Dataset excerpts

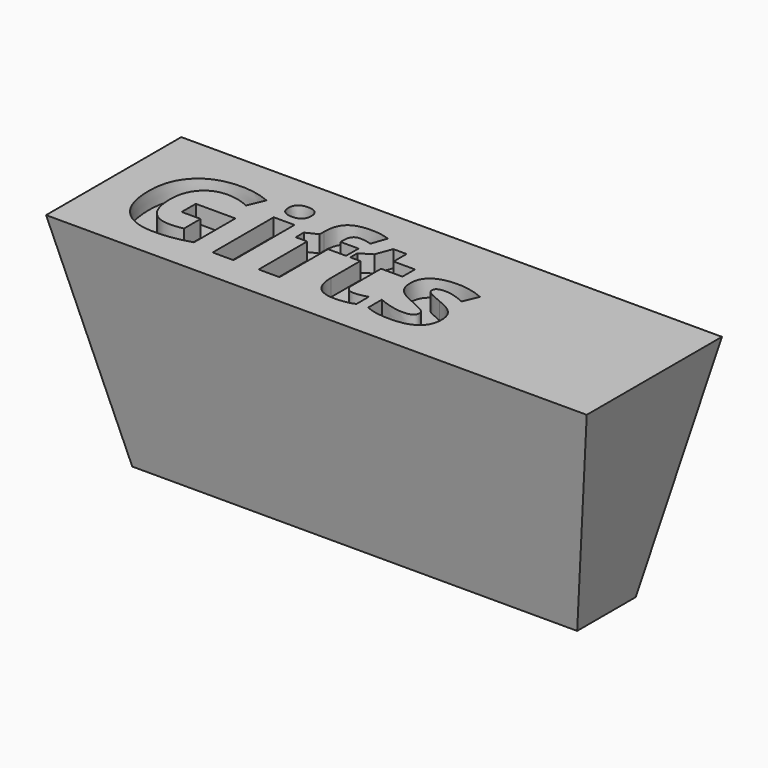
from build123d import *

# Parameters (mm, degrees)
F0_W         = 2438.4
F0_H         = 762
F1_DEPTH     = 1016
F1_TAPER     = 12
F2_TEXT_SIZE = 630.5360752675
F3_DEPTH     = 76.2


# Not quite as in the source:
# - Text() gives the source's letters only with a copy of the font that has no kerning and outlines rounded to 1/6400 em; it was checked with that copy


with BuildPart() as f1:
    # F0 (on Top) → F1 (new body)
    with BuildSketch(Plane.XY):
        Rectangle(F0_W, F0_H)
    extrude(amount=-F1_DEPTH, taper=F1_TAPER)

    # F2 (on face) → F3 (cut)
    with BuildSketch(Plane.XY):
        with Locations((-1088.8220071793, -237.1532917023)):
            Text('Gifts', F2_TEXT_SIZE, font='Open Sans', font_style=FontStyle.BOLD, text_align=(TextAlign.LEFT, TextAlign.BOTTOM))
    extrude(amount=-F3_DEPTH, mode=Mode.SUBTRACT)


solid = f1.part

- _BRIEF_:
Each line above that contains the word "font" should be copied.

- _RESULT FOR THIS EXERCISE_:
# - Text() gives the source's letters only with a copy of the font that has no kerning and outlines rounded to 1/6400 em; it was checked with that copy
            Text('Gifts', F2_TEXT_SIZE, font='Open Sans', font_style=FontStyle.BOLD, text_align=(TextAlign.LEFT, TextAlign.BOTTOM))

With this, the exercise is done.